Вадим приезжал в Россию вместе с женой Олей каждые два года. Нередко приезжала также их старшая дочь Ольга Карлайль, писательница, переводчица и художница. Приезжал и их сын Саша, с которым у нас были очень хорошие отношения. Он работал переводчиком, а потом главой переводчиков ЮНЕСКО. Через Андреевых я отправила на Запад все, что только могла, из произведений Даниила. Не оригиналы, а копии того, что было им перепечатано, вторые экземпляры. Ни строчки из того, что было у Вадима — а к 1962 году у него было все, — не было напечатано. Думаю, это было вызвано какими-то специфическими западными объективными условиями, которых мы не можем себе представить. Внятного ответа на этот вопрос я никогда не получила. Напечатали только несколько стихотворений Даниила в «Вестнике РХСД», но они были переданы Никите Струве не Андреевыми.
Здесь в России «Роза Мира», как я уже говорила, начала ходить в искаженных, иногда укороченных, иногда отредактированных, а порой даже дописанных вариантах среди людей, которые ею интересовались. Иногда узнавали мой телефон и звонили. А мы тогда с Женей жили с соседями, звонили по телефону в коммуналку. Я отвечала, что ничего об этой книге не знаю и не понимаю, о чем речь. Я не могла отвечать иначе.
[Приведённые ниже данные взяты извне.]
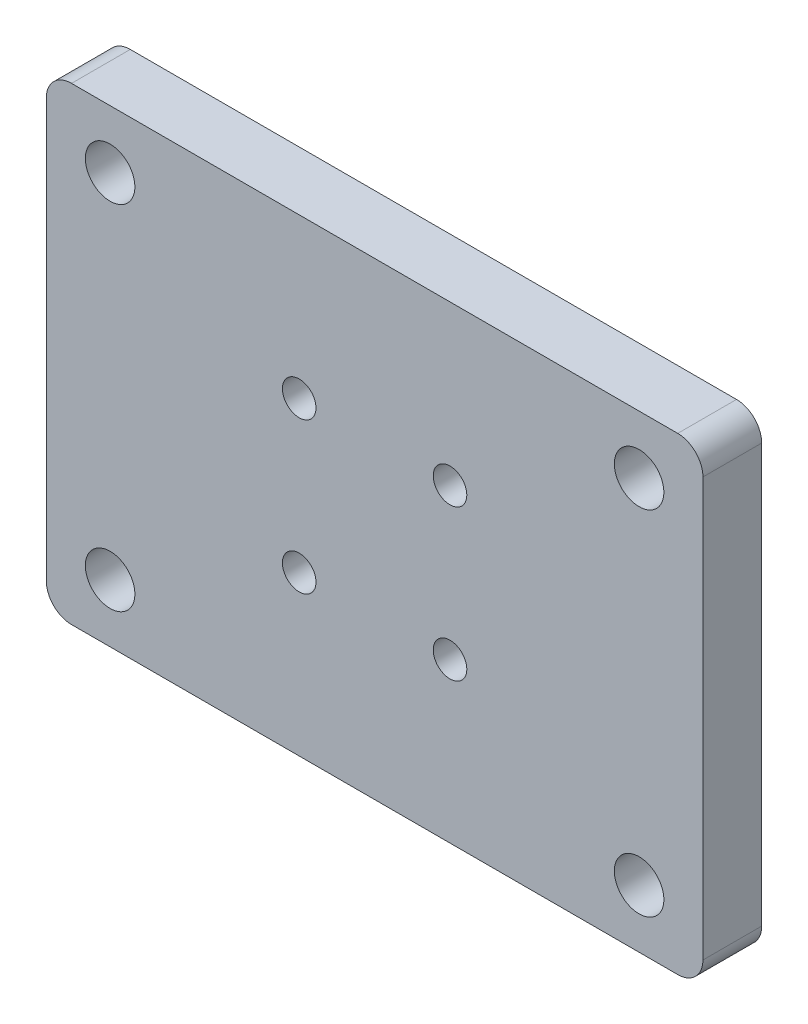
ISO-10303-21;
HEADER;
FILE_DESCRIPTION(('STEP AP214'),'2;1');
FILE_NAME('part.step','',(''),(''),'','','');
FILE_SCHEMA(('AUTOMOTIVE_DESIGN { 1 0 10303 214 1 1 1 1 }'));
ENDSEC;
DATA;
#1=APPLICATION_CONTEXT('core data for automotive mechanical design processes');
#2=APPLICATION_PROTOCOL_DEFINITION('international standard','automotive_design',2000,#1);
#3=PRODUCT_CONTEXT('',#1,'mechanical');
#4=PRODUCT('Part','Part','',(#3));
#5=PRODUCT_RELATED_PRODUCT_CATEGORY('part','',(#4));
#6=PRODUCT_DEFINITION_FORMATION('','',#4);
#7=PRODUCT_DEFINITION_CONTEXT('part definition',#1,'design');
#8=PRODUCT_DEFINITION('design','',#6,#7);
#9=PRODUCT_DEFINITION_SHAPE('','',#8);
#10=(LENGTH_UNIT() NAMED_UNIT(*) SI_UNIT(.MILLI.,.METRE.));
#11=(NAMED_UNIT(*) PLANE_ANGLE_UNIT() SI_UNIT($,.RADIAN.));
#12=(NAMED_UNIT(*) SI_UNIT($,.STERADIAN.) SOLID_ANGLE_UNIT());
#13=UNCERTAINTY_MEASURE_WITH_UNIT(LENGTH_MEASURE(1.E-05),#10,'distance_accuracy_value','');
#14=(GEOMETRIC_REPRESENTATION_CONTEXT(3) GLOBAL_UNCERTAINTY_ASSIGNED_CONTEXT((#13)) GLOBAL_UNIT_ASSIGNED_CONTEXT((#10,
#11,#12)) REPRESENTATION_CONTEXT('',''));
#15=CARTESIAN_POINT('',(0.,0.,0.));
#16=DIRECTION('',(0.,0.,1.));
#17=DIRECTION('',(1.,0.,0.));
#18=AXIS2_PLACEMENT_3D('',#15,#16,#17);
#19=CARTESIAN_POINT('',(8.98025612106915,-8.98025612106936,7.));
#20=DIRECTION('',(0.,0.,1.));
#21=DIRECTION('',(1.,0.,0.));
#22=AXIS2_PLACEMENT_3D('',#19,#20,#21);
#23=CYLINDRICAL_SURFACE('',#22,2.);
#24=CARTESIAN_POINT('',(8.98025612106915,-8.98025612106936,7.));
#25=DIRECTION('',(0.,0.,1.));
#26=DIRECTION('',(1.,0.,0.));
#27=AXIS2_PLACEMENT_3D('',#24,#25,#26);
#28=CIRCLE('',#27,2.);
#29=CARTESIAN_POINT('',(10.9802561210692,-8.98025612106936,7.));
#30=VERTEX_POINT('',#29);
#31=EDGE_CURVE('E197',#30,#30,#28,.T.);
#32=ORIENTED_EDGE('',*,*,#31,.T.);
#33=EDGE_LOOP('',(#32));
#34=FACE_BOUND('',#33,.T.);
#35=CARTESIAN_POINT('',(8.98025612106915,-8.98025612106936,2.));
#36=DIRECTION('',(0.,0.,-1.));
#37=DIRECTION('',(-1.,0.,0.));
#38=AXIS2_PLACEMENT_3D('',#35,#36,#37);
#39=CIRCLE('',#38,2.);
#40=CARTESIAN_POINT('',(6.98025612106915,-8.98025612106936,2.));
#41=VERTEX_POINT('',#40);
#42=EDGE_CURVE('E222',#41,#41,#39,.F.);
#43=ORIENTED_EDGE('',*,*,#42,.F.);
#44=EDGE_LOOP('',(#43));
#45=FACE_BOUND('',#44,.T.);
#46=ADVANCED_FACE('F39',(#34,#45),#23,.F.);
#47=CARTESIAN_POINT('',(-8.98025612106936,-8.98025612106915,7.));
#48=DIRECTION('',(0.,0.,1.));
#49=DIRECTION('',(1.,0.,0.));
#50=AXIS2_PLACEMENT_3D('',#47,#48,#49);
#51=CYLINDRICAL_SURFACE('',#50,2.);
#52=CARTESIAN_POINT('',(-8.98025612106936,-8.98025612106915,7.));
#53=DIRECTION('',(0.,0.,1.));
#54=DIRECTION('',(1.,0.,0.));
#55=AXIS2_PLACEMENT_3D('',#52,#53,#54);
#56=CIRCLE('',#55,2.);
#57=CARTESIAN_POINT('',(-6.98025612106936,-8.98025612106915,7.));
#58=VERTEX_POINT('',#57);
#59=EDGE_CURVE('E213',#58,#58,#56,.T.);
#60=ORIENTED_EDGE('',*,*,#59,.T.);
#61=EDGE_LOOP('',(#60));
#62=FACE_BOUND('',#61,.T.);
#63=CARTESIAN_POINT('',(-8.98025612106936,-8.98025612106915,2.));
#64=DIRECTION('',(0.,0.,-1.));
#65=DIRECTION('',(-1.,0.,0.));
#66=AXIS2_PLACEMENT_3D('',#63,#64,#65);
#67=CIRCLE('',#66,2.);
#68=CARTESIAN_POINT('',(-10.9802561210694,-8.98025612106915,2.));
#69=VERTEX_POINT('',#68);
#70=EDGE_CURVE('E225',#69,#69,#67,.F.);
#71=ORIENTED_EDGE('',*,*,#70,.F.);
#72=EDGE_LOOP('',(#71));
#73=FACE_BOUND('',#72,.T.);
#74=ADVANCED_FACE('F255',(#62,#73),#51,.F.);
#75=CARTESIAN_POINT('',(-8.98025612106915,8.98025612106936,7.));
#76=DIRECTION('',(0.,0.,1.));
#77=DIRECTION('',(1.,0.,0.));
#78=AXIS2_PLACEMENT_3D('',#75,#76,#77);
#79=CYLINDRICAL_SURFACE('',#78,2.);
#80=CARTESIAN_POINT('',(-8.98025612106915,8.98025612106936,7.));
#81=DIRECTION('',(0.,0.,1.));
#82=DIRECTION('',(1.,0.,0.));
#83=AXIS2_PLACEMENT_3D('',#80,#81,#82);
#84=CIRCLE('',#83,2.);
#85=CARTESIAN_POINT('',(-6.98025612106915,8.98025612106936,7.));
#86=VERTEX_POINT('',#85);
#87=EDGE_CURVE('E216',#86,#86,#84,.T.);
#88=ORIENTED_EDGE('',*,*,#87,.T.);
#89=EDGE_LOOP('',(#88));
#90=FACE_BOUND('',#89,.T.);
#91=CARTESIAN_POINT('',(-8.98025612106915,8.98025612106936,2.));
#92=DIRECTION('',(0.,0.,-1.));
#93=DIRECTION('',(-1.,0.,0.));
#94=AXIS2_PLACEMENT_3D('',#91,#92,#93);
#95=CIRCLE('',#94,2.);
#96=CARTESIAN_POINT('',(-10.9802561210692,8.98025612106936,2.));
#97=VERTEX_POINT('',#96);
#98=EDGE_CURVE('E228',#97,#97,#95,.F.);
#99=ORIENTED_EDGE('',*,*,#98,.F.);
#100=EDGE_LOOP('',(#99));
#101=FACE_BOUND('',#100,.T.);
#102=ADVANCED_FACE('F246',(#90,#101),#79,.F.);
#103=CARTESIAN_POINT('',(8.98025612106936,8.98025612106915,7.));
#104=DIRECTION('',(0.,0.,1.));
#105=DIRECTION('',(1.,0.,0.));
#106=AXIS2_PLACEMENT_3D('',#103,#104,#105);
#107=CYLINDRICAL_SURFACE('',#106,2.);
#108=CARTESIAN_POINT('',(8.98025612106936,8.98025612106915,7.));
#109=DIRECTION('',(0.,0.,1.));
#110=DIRECTION('',(1.,0.,0.));
#111=AXIS2_PLACEMENT_3D('',#108,#109,#110);
#112=CIRCLE('',#111,2.);
#113=CARTESIAN_POINT('',(10.9802561210694,8.98025612106915,7.));
#114=VERTEX_POINT('',#113);
#115=EDGE_CURVE('E219',#114,#114,#112,.T.);
#116=ORIENTED_EDGE('',*,*,#115,.T.);
#117=EDGE_LOOP('',(#116));
#118=FACE_BOUND('',#117,.T.);
#119=CARTESIAN_POINT('',(8.98025612106936,8.98025612106915,2.));
#120=DIRECTION('',(0.,0.,-1.));
#121=DIRECTION('',(-1.,0.,0.));
#122=AXIS2_PLACEMENT_3D('',#119,#120,#121);
#123=CIRCLE('',#122,2.);
#124=CARTESIAN_POINT('',(6.98025612106936,8.98025612106915,2.));
#125=VERTEX_POINT('',#124);
#126=EDGE_CURVE('E43',#125,#125,#123,.F.);
#127=ORIENTED_EDGE('',*,*,#126,.F.);
#128=EDGE_LOOP('',(#127));
#129=FACE_BOUND('',#128,.T.);
#130=ADVANCED_FACE('F244',(#118,#129),#107,.F.);
#131=CARTESIAN_POINT('',(-36.1,-24.91,0.));
#132=DIRECTION('',(0.,0.,-1.));
#133=DIRECTION('',(-1.,0.,0.));
#134=AXIS2_PLACEMENT_3D('',#131,#132,#133);
#135=PLANE('',#134);
#136=CARTESIAN_POINT('',(0.,0.,0.));
#137=DIRECTION('',(0.,0.,-1.));
#138=DIRECTION('',(-1.,0.,0.));
#139=AXIS2_PLACEMENT_3D('',#136,#137,#138);
#140=CIRCLE('',#139,20.5);
#141=CARTESIAN_POINT('',(-20.5,0.,0.));
#142=VERTEX_POINT('',#141);
#143=EDGE_CURVE('E231',#142,#142,#140,.T.);
#144=ORIENTED_EDGE('',*,*,#143,.F.);
#145=EDGE_LOOP('',(#144));
#146=FACE_BOUND('',#145,.T.);
#147=CARTESIAN_POINT('',(-36.1,-24.91,0.));
#148=DIRECTION('',(0.,0.,1.));
#149=DIRECTION('',(-1.,0.,0.));
#150=AXIS2_PLACEMENT_3D('',#147,#148,#149);
#151=CIRCLE('',#150,3.);
#152=CARTESIAN_POINT('',(-39.1,-24.91,0.));
#153=VERTEX_POINT('',#152);
#154=CARTESIAN_POINT('',(-36.1,-27.91,0.));
#155=VERTEX_POINT('',#154);
#156=EDGE_CURVE('E137',#153,#155,#151,.T.);
#157=ORIENTED_EDGE('',*,*,#156,.F.);
#158=DIRECTION('',(0.,-1.,0.));
#159=VECTOR('',#158,1.);
#160=CARTESIAN_POINT('',(-39.1,24.91,0.));
#161=LINE('',#160,#159);
#162=CARTESIAN_POINT('',(-39.1,24.91,0.));
#163=VERTEX_POINT('',#162);
#164=EDGE_CURVE('E92',#163,#153,#161,.T.);
#165=ORIENTED_EDGE('',*,*,#164,.F.);
#166=CARTESIAN_POINT('',(-36.1,24.91,0.));
#167=DIRECTION('',(0.,0.,1.));
#168=DIRECTION('',(1.,0.,0.));
#169=AXIS2_PLACEMENT_3D('',#166,#167,#168);
#170=CIRCLE('',#169,3.);
#171=CARTESIAN_POINT('',(-36.1,27.91,0.));
#172=VERTEX_POINT('',#171);
#173=EDGE_CURVE('E86',#172,#163,#170,.T.);
#174=ORIENTED_EDGE('',*,*,#173,.F.);
#175=DIRECTION('',(-1.,0.,0.));
#176=VECTOR('',#175,1.);
#177=CARTESIAN_POINT('',(-36.1,27.91,0.));
#178=LINE('',#177,#176);
#179=CARTESIAN_POINT('',(36.1,27.91,0.));
#180=VERTEX_POINT('',#179);
#181=EDGE_CURVE('E127',#180,#172,#178,.T.);
#182=ORIENTED_EDGE('',*,*,#181,.F.);
#183=CARTESIAN_POINT('',(36.1,24.91,0.));
#184=DIRECTION('',(0.,0.,1.));
#185=DIRECTION('',(1.,0.,0.));
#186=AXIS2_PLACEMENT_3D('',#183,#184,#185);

Я же не знала, кто звонит и откуда. Знала, что по Москве идут обыски и при ряде обысков «Розу Мира» конфисковали со всем, что было взято, и отправили на Лубянку. Одно мое неосторожное слово, и я бы вызвала шмон у себя, что означало бы гибель всего. Поэтому я и хранила полное молчание.
Так прошло много лет. Женя умер уже в той квартире, где я сейчас живу, в Брюсовом переулке. Слава Богу, он успел в ней прожить пять месяцев. Это была, наконец, наша квартира, отдельная, это была человеческая жизнь. Умер Женя, как ребенок, не поняв, что умирает. Погиб в двое суток от инсульта. В предсмертном бреду он тихо-тихо говорил: «Как красиво! Как красиво в церкви! Как много священников, свечи горят, как много людей в церкви. Праздник. Большой праздник, Духов день». В том году — 1977-м — на Духов день пришелся сороковой день после Жениной смерти.